→ **Excerpted data**:
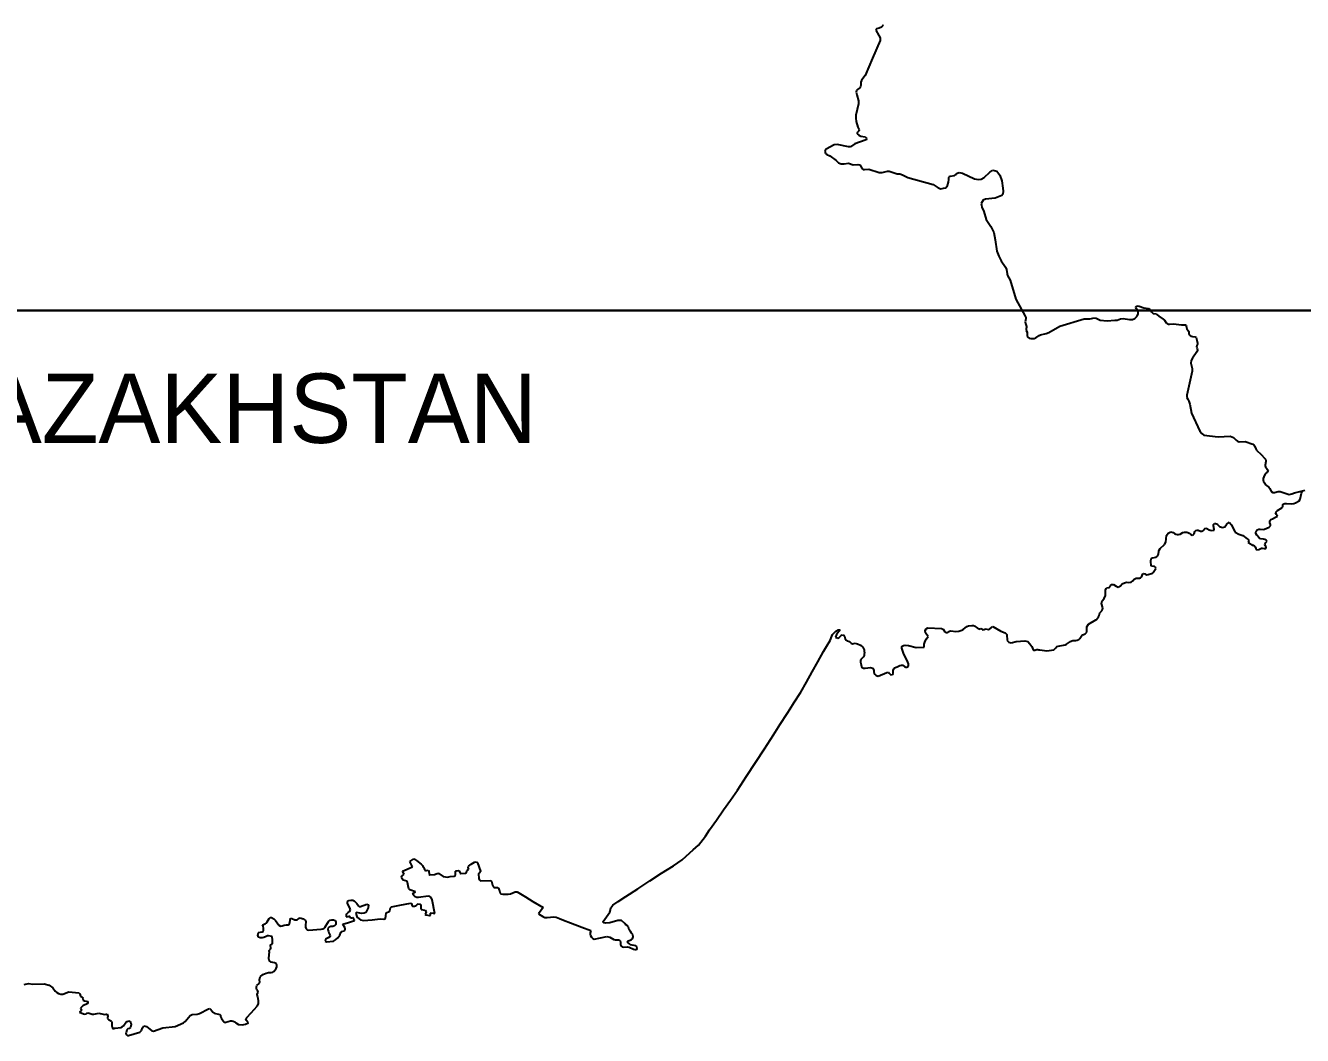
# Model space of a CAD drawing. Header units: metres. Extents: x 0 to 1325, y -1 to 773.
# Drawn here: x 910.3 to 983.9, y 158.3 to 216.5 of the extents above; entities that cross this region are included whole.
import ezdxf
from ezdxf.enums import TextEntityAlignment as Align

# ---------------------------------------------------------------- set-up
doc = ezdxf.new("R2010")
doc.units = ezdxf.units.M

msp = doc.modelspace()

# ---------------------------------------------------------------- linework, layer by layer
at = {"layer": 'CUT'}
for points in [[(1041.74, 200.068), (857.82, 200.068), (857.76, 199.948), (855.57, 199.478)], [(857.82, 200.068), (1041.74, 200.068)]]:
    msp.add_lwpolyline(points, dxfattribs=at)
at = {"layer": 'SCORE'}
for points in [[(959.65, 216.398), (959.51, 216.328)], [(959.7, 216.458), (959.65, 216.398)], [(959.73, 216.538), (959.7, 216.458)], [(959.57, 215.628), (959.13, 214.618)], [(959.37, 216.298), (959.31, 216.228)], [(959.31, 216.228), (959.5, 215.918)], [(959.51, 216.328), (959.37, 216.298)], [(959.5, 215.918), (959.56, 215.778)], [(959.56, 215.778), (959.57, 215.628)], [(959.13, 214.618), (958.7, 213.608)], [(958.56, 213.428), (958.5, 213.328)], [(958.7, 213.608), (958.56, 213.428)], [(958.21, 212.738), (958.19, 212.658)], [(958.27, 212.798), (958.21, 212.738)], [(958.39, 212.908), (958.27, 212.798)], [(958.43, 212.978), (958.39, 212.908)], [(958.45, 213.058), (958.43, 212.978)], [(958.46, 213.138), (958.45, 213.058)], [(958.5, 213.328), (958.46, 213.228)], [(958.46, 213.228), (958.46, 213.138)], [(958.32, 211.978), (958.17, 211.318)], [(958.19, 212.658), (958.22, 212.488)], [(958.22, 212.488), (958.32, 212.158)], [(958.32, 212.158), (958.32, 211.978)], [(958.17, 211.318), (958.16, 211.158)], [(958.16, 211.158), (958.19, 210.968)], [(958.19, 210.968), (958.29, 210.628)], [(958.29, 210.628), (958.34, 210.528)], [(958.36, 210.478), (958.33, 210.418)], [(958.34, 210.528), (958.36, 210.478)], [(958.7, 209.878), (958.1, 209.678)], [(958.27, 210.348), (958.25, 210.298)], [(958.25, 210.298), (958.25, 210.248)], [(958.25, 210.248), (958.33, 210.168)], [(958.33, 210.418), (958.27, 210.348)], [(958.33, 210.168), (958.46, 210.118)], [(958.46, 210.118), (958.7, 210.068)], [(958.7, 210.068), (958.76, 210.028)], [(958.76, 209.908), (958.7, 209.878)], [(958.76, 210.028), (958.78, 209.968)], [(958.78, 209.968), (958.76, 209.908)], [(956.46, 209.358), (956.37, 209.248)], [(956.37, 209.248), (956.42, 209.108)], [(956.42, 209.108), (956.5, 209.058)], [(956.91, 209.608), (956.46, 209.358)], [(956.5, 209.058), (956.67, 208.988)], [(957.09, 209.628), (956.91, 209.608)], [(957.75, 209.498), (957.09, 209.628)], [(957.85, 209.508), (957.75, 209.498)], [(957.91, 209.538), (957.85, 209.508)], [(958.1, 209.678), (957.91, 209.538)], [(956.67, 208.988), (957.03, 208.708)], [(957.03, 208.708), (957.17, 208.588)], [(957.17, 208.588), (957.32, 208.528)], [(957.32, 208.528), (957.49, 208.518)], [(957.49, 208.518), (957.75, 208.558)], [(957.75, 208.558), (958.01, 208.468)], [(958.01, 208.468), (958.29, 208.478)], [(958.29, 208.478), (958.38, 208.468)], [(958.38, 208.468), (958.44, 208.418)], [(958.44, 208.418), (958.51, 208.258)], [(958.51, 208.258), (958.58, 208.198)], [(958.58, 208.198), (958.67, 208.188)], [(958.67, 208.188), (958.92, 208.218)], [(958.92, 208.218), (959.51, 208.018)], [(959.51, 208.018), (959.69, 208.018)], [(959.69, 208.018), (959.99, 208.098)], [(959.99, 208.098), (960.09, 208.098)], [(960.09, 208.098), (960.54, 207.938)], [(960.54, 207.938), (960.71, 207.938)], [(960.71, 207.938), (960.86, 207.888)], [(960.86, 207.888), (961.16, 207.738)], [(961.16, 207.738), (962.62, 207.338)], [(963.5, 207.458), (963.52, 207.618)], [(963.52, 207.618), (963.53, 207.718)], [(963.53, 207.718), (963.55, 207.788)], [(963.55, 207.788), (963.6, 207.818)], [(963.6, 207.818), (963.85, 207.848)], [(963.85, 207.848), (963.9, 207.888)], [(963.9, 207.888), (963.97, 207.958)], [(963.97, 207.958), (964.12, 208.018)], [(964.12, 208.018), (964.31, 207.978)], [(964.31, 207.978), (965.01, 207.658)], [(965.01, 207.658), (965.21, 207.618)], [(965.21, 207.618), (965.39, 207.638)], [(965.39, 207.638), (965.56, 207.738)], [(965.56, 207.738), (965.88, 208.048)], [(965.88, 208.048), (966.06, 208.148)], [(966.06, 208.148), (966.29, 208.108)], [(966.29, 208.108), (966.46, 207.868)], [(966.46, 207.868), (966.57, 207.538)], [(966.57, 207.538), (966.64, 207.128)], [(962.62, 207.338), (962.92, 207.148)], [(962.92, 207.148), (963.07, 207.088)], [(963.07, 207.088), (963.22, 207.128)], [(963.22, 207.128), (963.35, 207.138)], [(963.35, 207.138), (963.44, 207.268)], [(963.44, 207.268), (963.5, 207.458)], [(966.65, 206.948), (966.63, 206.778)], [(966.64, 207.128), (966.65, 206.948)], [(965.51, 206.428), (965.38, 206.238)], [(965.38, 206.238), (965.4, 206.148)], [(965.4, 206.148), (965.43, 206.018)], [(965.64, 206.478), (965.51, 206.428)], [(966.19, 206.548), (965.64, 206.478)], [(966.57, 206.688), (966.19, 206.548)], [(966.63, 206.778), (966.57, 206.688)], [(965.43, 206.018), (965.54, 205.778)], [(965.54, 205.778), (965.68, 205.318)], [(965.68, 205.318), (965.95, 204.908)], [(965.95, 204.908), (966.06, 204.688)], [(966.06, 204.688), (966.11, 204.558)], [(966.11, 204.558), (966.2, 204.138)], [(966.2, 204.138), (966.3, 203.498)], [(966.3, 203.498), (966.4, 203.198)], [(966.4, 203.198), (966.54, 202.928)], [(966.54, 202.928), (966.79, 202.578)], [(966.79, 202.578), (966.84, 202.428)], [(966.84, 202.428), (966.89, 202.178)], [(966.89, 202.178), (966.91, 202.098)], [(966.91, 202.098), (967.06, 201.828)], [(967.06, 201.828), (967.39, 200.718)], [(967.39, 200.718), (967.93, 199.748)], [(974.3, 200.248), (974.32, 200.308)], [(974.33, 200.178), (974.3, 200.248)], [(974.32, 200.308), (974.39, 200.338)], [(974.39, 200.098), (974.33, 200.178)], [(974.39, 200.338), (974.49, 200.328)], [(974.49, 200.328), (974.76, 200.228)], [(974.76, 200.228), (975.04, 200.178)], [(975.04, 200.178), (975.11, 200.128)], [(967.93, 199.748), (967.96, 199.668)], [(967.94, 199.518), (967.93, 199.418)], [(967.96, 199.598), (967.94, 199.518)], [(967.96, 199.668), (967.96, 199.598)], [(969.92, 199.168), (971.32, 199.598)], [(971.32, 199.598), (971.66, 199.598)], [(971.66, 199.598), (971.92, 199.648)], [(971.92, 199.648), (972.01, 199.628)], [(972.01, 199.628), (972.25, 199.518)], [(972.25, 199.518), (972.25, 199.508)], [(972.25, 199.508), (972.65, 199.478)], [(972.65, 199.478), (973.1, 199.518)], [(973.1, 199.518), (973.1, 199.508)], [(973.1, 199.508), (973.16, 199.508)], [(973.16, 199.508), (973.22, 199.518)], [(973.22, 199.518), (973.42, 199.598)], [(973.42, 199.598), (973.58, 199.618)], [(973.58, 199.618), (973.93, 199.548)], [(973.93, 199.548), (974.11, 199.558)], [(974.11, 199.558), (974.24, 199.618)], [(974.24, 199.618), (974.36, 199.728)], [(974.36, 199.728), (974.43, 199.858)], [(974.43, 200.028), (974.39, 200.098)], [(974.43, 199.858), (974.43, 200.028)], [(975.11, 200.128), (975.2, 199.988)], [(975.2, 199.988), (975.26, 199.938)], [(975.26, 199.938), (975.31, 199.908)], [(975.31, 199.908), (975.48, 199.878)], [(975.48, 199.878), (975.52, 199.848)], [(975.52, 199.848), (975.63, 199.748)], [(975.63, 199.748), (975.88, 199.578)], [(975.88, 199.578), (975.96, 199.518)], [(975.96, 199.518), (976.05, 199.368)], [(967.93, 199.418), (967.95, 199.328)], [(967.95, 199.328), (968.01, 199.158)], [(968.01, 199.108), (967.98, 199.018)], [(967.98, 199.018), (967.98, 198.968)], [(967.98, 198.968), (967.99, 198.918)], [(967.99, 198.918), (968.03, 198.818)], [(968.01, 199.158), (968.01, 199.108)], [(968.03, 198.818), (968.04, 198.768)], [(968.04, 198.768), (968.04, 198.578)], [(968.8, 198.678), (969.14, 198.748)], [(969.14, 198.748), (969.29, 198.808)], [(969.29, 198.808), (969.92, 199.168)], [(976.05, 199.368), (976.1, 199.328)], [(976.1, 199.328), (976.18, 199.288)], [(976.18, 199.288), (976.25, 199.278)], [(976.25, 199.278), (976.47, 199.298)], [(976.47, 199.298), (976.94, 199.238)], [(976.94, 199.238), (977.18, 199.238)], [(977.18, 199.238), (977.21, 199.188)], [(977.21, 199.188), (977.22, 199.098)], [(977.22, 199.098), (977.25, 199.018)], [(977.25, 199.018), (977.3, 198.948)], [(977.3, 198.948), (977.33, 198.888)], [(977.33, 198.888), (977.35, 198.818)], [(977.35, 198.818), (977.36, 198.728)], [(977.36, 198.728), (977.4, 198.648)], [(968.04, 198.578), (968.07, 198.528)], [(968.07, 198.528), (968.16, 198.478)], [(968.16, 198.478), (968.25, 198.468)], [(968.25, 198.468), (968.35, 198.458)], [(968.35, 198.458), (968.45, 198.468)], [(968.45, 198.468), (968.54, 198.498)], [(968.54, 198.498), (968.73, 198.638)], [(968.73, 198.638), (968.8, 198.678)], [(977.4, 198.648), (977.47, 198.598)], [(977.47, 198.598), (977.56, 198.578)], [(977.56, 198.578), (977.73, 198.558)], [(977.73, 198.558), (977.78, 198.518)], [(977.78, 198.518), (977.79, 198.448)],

→ **What you will do**:
Omit every picture, and please return the entries exactly from the first line through the line with "from ezdxf.enums import", both included.

→ **Task result**:
# Model space of a CAD drawing. Header units: metres. Extents: x 0 to 1325, y -1 to 773.
# Drawn here: x 910.3 to 983.9, y 158.3 to 216.5 of the extents above; entities that cross this region are included whole.
import ezdxf
from ezdxf.enums import TextEntityAlignment as Align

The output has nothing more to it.